Abandonadas as estratégias de transformação global da sociedade [9] que SEMPRE fizeram parte da luta dos anarquistas na história, o que sobra de anarquismo em “yomango” [10] ou em outras táticas semelhantes? A pergunta é: houve em algum momento, uma relação mais profunda
entre as duas coisas? Ou apenas uma tolerância irrestrita e
irresponsável de largos setores do anarquismo, a quaisquer práticas que
se pretendem libertárias?
Esta atitude moral, restrita ao seu próprio e limitado universo, normalmente vem acompanhada do sectarismo. O sectarismo é a “incapacidade de tolerar posições teóricas ou práticas diferentes das suas” [11] . Caracteriza-se “pela ignorância, tanto das idéias alheias, como de suas próprias” [12] . O sectário é “incapaz
de reconhecer os méritos alheios e carece de [...] critério para
discernir, [...] com o que está de acordo ou do que diverge: sua
atitude é de aceitação ou rechaço absolutos” [13]
. O que deriva daí, já é conhecido de maneira mais ou menos pública no
movimento anarquista (mas infelizmente pouco criticado), a “visão
de mundo do sectário é tão rígida, tão inflexível, tão fanática, tão
amarga [...] e pouco atrativa que acaba mais por espantar o povo do que
atraí-lo [...] [14] ”. Quantos exemplos podem ser
citados; por que os casos infelizmente são numerosos. Recordo-me apenas
de um habitual e mais recorrente, que é a inflexibilidade de uma
postura “anarquista” francamente agressiva (dentro de uma assembléia) à
religiosidade popular, que nitidamente ofendera parte dos presentes
(por coincidência os setores não-anarquistas).
Quando as pessoas “comuns” não correspondem às atitudes morais do fanático, o moralismo é curiosamente invertido. O moralista passa a ser não o sectário
que tentou impor seus valores ao coletivo, mas o culpado passa a ser
nosso povo, que não se despiu de sua “estreiteza”, em detrimento da
catequese e dos “preciosos” valores libertários do sectário. Uma
atitude claramente de vanguarda como esta, mesmo que
esteja supostamente baseada em “grandes” ideais de liberdade, ou se
proponha antiautoritária, é seguida dum comportamento acusatório mais
amplo. A censura, a repressão ao “indivíduo”, a opressão da
individualidade pela maioria são demagogicamente acionados num nítido
projeto de vitimização.
Se o sectarismo não atrai o povo,
convence largos setores da juventude, que pode o carregar nos ombros
como um verdadeiro atestado de “pureza” de princípios, mesmo sob o custo de reduzir consideravelmente o espectro de sua atividade política. Tal como o mito de Orígenes [15]

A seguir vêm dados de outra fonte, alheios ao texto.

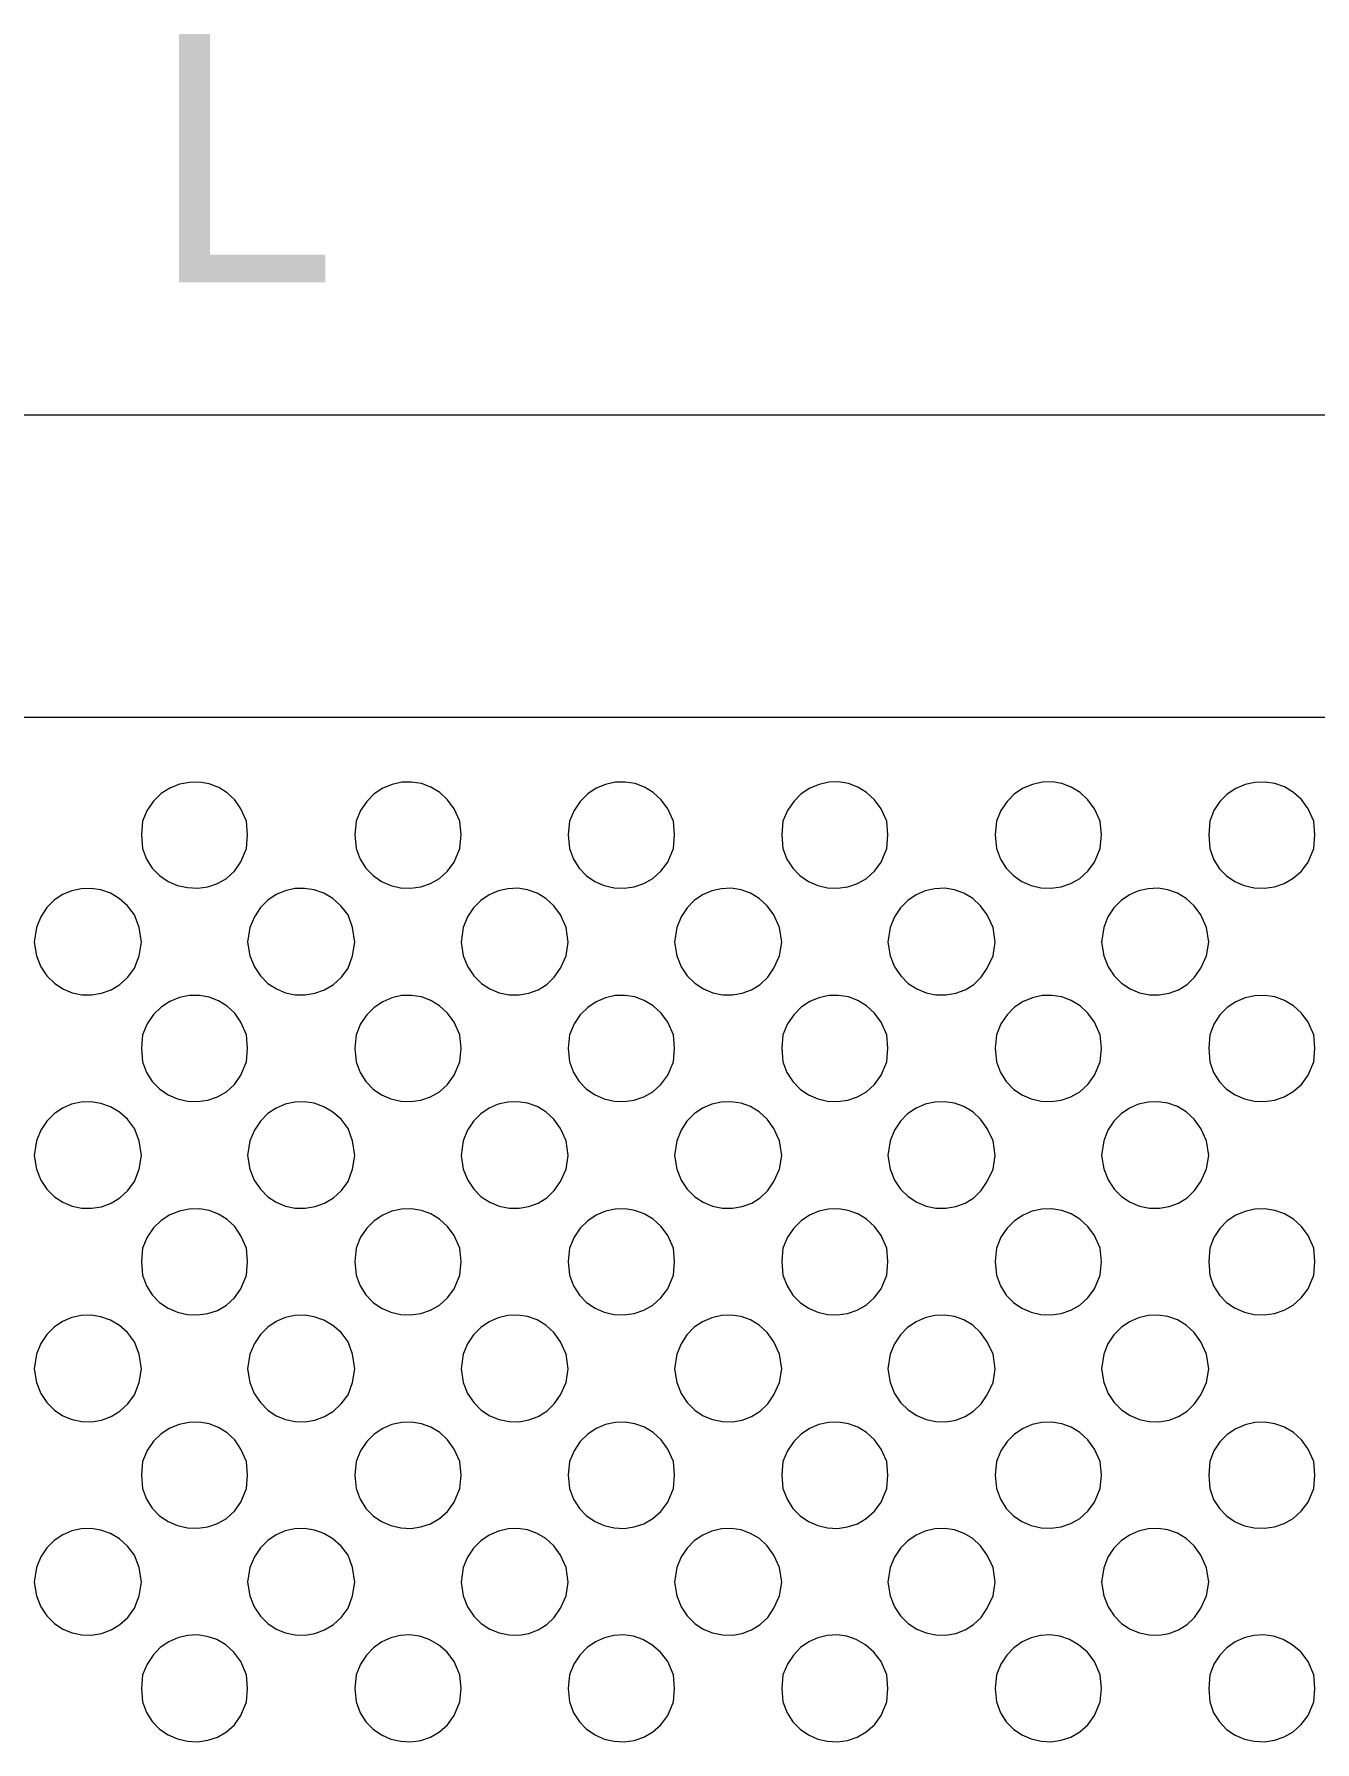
# Model space of a CAD drawing. Extents: x 0 to 243, y -13 to 276.
# Drawn here: x 154.65 to 184.38, y 236.25 to 275.91 of the extents above; entities that cross this region are included whole.
import ezdxf

# ---------------------------------------------------------------- set-up
doc = ezdxf.new("R2010")
doc.units = 0
doc.layers.add('GEOMETRY', color=7, linetype='Continuous')
doc.layers.add('TEXT', color=7, linetype='Continuous')

msp = doc.modelspace()

# ---------------------------------------------------------------- linework, layer by layer
at = {"layer": 'GEOMETRY', "lineweight": 13}
for points in [[(88.77, 267.067), (238.379, 267.067)], [(238.38, 110.427), (238.38, 260.038), (88.77, 260.038)]]:
    msp.add_lwpolyline(points, dxfattribs=at)
for points in [[(159.602, 257.313), (159.577, 257.628), (159.446, 257.916), (159.306, 258.125), (159.132, 258.291), (158.933, 258.415), (158.714, 258.497), (158.485, 258.536), (158.251, 258.533), (158.02, 258.488), (157.799, 258.4), (157.596, 258.271), (157.418, 258.098), (157.271, 257.884), (157.164, 257.628), (157.138, 257.313), (157.164, 256.999), (157.255, 256.751), (157.389, 256.541), (157.559, 256.368), (157.757, 256.234), (157.975, 256.141), (158.207, 256.088), (158.444, 256.076), (158.679, 256.108), (158.904, 256.184), (159.112, 256.304), (159.295, 256.471), (159.446, 256.684), (159.577, 256.999), (159.602, 257.313)], [(164.558, 257.312), (164.532, 257.628), (164.4, 257.916), (164.245, 258.13), (164.063, 258.299), (163.858, 258.424), (163.639, 258.504), (163.411, 258.54), (163.182, 258.534), (162.956, 258.486), (162.741, 258.395), (162.544, 258.264), (162.37, 258.091), (162.227, 257.879), (162.12, 257.628), (162.093, 257.312), (162.12, 257), (162.213, 256.751), (162.347, 256.54), (162.515, 256.367), (162.711, 256.233), (162.926, 256.139), (163.155, 256.086), (163.389, 256.075), (163.622, 256.107), (163.847, 256.183), (164.056, 256.304), (164.243, 256.47), (164.4, 256.683), (164.532, 257), (164.558, 257.312)], [(169.512, 257.312), (169.486, 257.628), (169.355, 257.916), (169.201, 258.13), (169.019, 258.299), (168.815, 258.423), (168.596, 258.503), (168.368, 258.54), (168.138, 258.534), (167.912, 258.486), (167.697, 258.396), (167.499, 258.264), (167.325, 258.092), (167.181, 257.88), (167.074, 257.628), (167.047, 257.312), (167.074, 256.999), (167.168, 256.75), (167.302, 256.539), (167.471, 256.366), (167.666, 256.233), (167.882, 256.139), (168.111, 256.086), (168.345, 256.076), (168.578, 256.108), (168.803, 256.183), (169.012, 256.304), (169.198, 256.47), (169.355, 256.683), (169.486, 256.999), (169.512, 257.312)], [(174.467, 257.312), (174.441, 257.628), (174.309, 257.916), (174.155, 258.13), (173.973, 258.299), (173.769, 258.423), (173.55, 258.504), (173.323, 258.541), (173.093, 258.535), (172.867, 258.486), (172.652, 258.396), (172.454, 258.264), (172.28, 258.092), (172.137, 257.88), (172.029, 257.628), (172.003, 257.312), (172.029, 256.999), (172.123, 256.75), (172.257, 256.539), (172.425, 256.367), (172.621, 256.233), (172.837, 256.139), (173.065, 256.087), (173.3, 256.076), (173.533, 256.108), (173.757, 256.184), (173.966, 256.304), (174.153, 256.47), (174.309, 256.683), (174.441, 256.999), (174.467, 257.312)], [(179.422, 257.312), (179.397, 257.628), (179.265, 257.916), (179.11, 258.13), (178.927, 258.299), (178.723, 258.424), (178.504, 258.504), (178.276, 258.541), (178.046, 258.535), (177.821, 258.486), (177.606, 258.396), (177.408, 258.264), (177.235, 258.092), (177.091, 257.88), (176.984, 257.628), (176.958, 257.312), (176.984, 256.999), (177.077, 256.75), (177.211, 256.539), (177.38, 256.367), (177.575, 256.233), (177.791, 256.139), (178.019, 256.087), (178.254, 256.076), (178.487, 256.108), (178.711, 256.184), (178.921, 256.304), (179.107, 256.47), (179.265, 256.683), (179.397, 256.999), (179.422, 257.312)], [(184.377, 257.313), (184.351, 257.628), (184.22, 257.916), (184.066, 258.132), (183.882, 258.301), (183.675, 258.425), (183.452, 258.504), (183.22, 258.54), (182.986, 258.532), (182.757, 258.482), (182.541, 258.39), (182.343, 258.258), (182.172, 258.087), (182.035, 257.876), (181.938, 257.628), (181.913, 257.313), (181.938, 256.999), (182.027, 256.748), (182.159, 256.536), (182.327, 256.363), (182.523, 256.23), (182.74, 256.137), (182.97, 256.086), (183.206, 256.076), (183.441, 256.109), (183.667, 256.186), (183.877, 256.306), (184.064, 256.472), (184.22, 256.683), (184.351, 256.999), (184.377, 257.313)], [(157.138, 254.823), (157.086, 255.164), (156.981, 255.453), (156.815, 255.666), (156.625, 255.833), (156.417, 255.956), (156.196, 256.035), (155.969, 256.071), (155.741, 256.064), (155.519, 256.016), (155.309, 255.926), (155.116, 255.795), (154.946, 255.624), (154.806, 255.414), (154.7, 255.164), (154.648, 254.823), (154.7, 254.507), (154.805, 254.253), (154.946, 254.039), (155.118, 253.867), (155.315, 253.736), (155.529, 253.647), (155.754, 253.601), (155.985, 253.597), (156.213, 253.635), (156.434, 253.716), (156.639, 253.841), (156.824, 254.008), (156.981, 254.219), (157.086, 254.507), (157.138, 254.823)], [(162.093, 254.824), (162.04, 255.164), (161.936, 255.453), (161.77, 255.666), (161.58, 255.833), (161.371, 255.956), (161.15, 256.035), (160.923, 256.071), (160.696, 256.065), (160.474, 256.017), (160.264, 255.927), (160.071, 255.796), (159.901, 255.625), (159.761, 255.414), (159.655, 255.164), (159.602, 254.824), (159.655, 254.507), (159.76, 254.252), (159.901, 254.039), (160.073, 253.866), (160.27, 253.736), (160.484, 253.647), (160.709, 253.601), (160.939, 253.597), (161.167, 253.636), (161.388, 253.717), (161.594, 253.842), (161.779, 254.009), (161.936, 254.22), (162.04, 254.507), (162.093, 254.824)], [(167.047, 254.824), (166.995, 255.164), (166.864, 255.453), (166.709, 255.669), (166.526, 255.838), (166.322, 255.961), (166.103, 256.039), (165.876, 256.073), (165.647, 256.063), (165.424, 256.012), (165.211, 255.921), (165.017, 255.789), (164.848, 255.618), (164.71, 255.41), (164.609, 255.164), (164.558, 254.824), (164.609, 254.507), (164.712, 254.252), (164.855, 254.038), (165.029, 253.865), (165.228, 253.735), (165.445, 253.646), (165.673, 253.6), (165.905, 253.596), (166.132, 253.635), (166.349, 253.717), (166.548, 253.841), (166.723, 254.009), (166.864, 254.22), (166.995, 254.507), (167.047, 254.824)], [(172.003, 254.824), (171.951, 255.164), (171.82, 255.453), (171.664, 255.669), (171.481, 255.838), (171.276, 255.961), (171.057, 256.039), (170.83, 256.073), (170.602, 256.064), (170.378, 256.013), (170.166, 255.921), (169.972, 255.789), (169.803, 255.618), (169.665, 255.41), (169.565, 255.164), (169.513, 254.824), (169.565, 254.507), (169.667, 254.253), (169.809, 254.039), (169.983, 253.867), (170.182, 253.736), (170.399, 253.647), (170.626, 253.601), (170.858, 253.597), (171.086, 253.635), (171.303, 253.717), (171.502, 253.841), (171.677, 254.009), (171.82, 254.22), (171.951, 254.507), (172.003, 254.824)], [(176.958, 254.822), (176.906, 255.164), (176.774, 255.453), (176.619, 255.669), (176.436, 255.838), (176.232, 255.961), (176.013, 256.039), (175.785, 256.073), (175.556, 256.063), (175.332, 256.012), (175.12, 255.921), (174.926, 255.789), (174.757, 255.618), (174.619, 255.41), (174.52, 255.164), (174.468, 254.822), (174.52, 254.507), (174.621, 254.252), (174.763, 254.039), (174.937, 253.866), (175.136, 253.736), (175.353, 253.647), (175.581, 253.6), (175.813, 253.596), (176.041, 253.635), (176.258, 253.716), (176.458, 253.84), (176.632, 254.008), (176.774, 254.219), (176.906, 254.507), (176.958, 254.822)], [(181.913, 254.822), (181.86, 255.164), (181.728, 255.453), (181.573, 255.669), (181.39, 255.838), (181.186, 255.961), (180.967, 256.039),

, que para manter-se puro decepou seus órgãos sexuais, o sectarismo
torna impotente a ação política mais ampla, por que permanece reduzida
a poucos círculos, cada vez mais restritos, mas que por sua força
atrativa, continuamente tem seus quadros renovados.
Compreendendo a ética como uma espinha dorsal do anarquismo [16]
, e, portanto, que define ao militante uma conduta, e a coerência entre
esta e seus princípios (classismo, ação direta, igualdade política,
econômica e social, autonomia, etc), entende-se que estes valores devem
ser “socializados”, pela maneira libertária, ou seja, pelo trabalho de base,
em contato com as tradições, a história e os costumes de nosso povo.
Trabalho que indispensavelmente, precisa para sobreviver, abandonar o
sectarismo e o estrabismo político, preservando o conceito de ética e
de liberdade, nos parâmetros da organização coletiva. A única capaz de não só potencializar nossas qualidades soterradas pela heteronomia instituída [17] das estruturas capitalistas, mas também de demonstrar sob o âmbito psíquico, que possuímos complexos [18]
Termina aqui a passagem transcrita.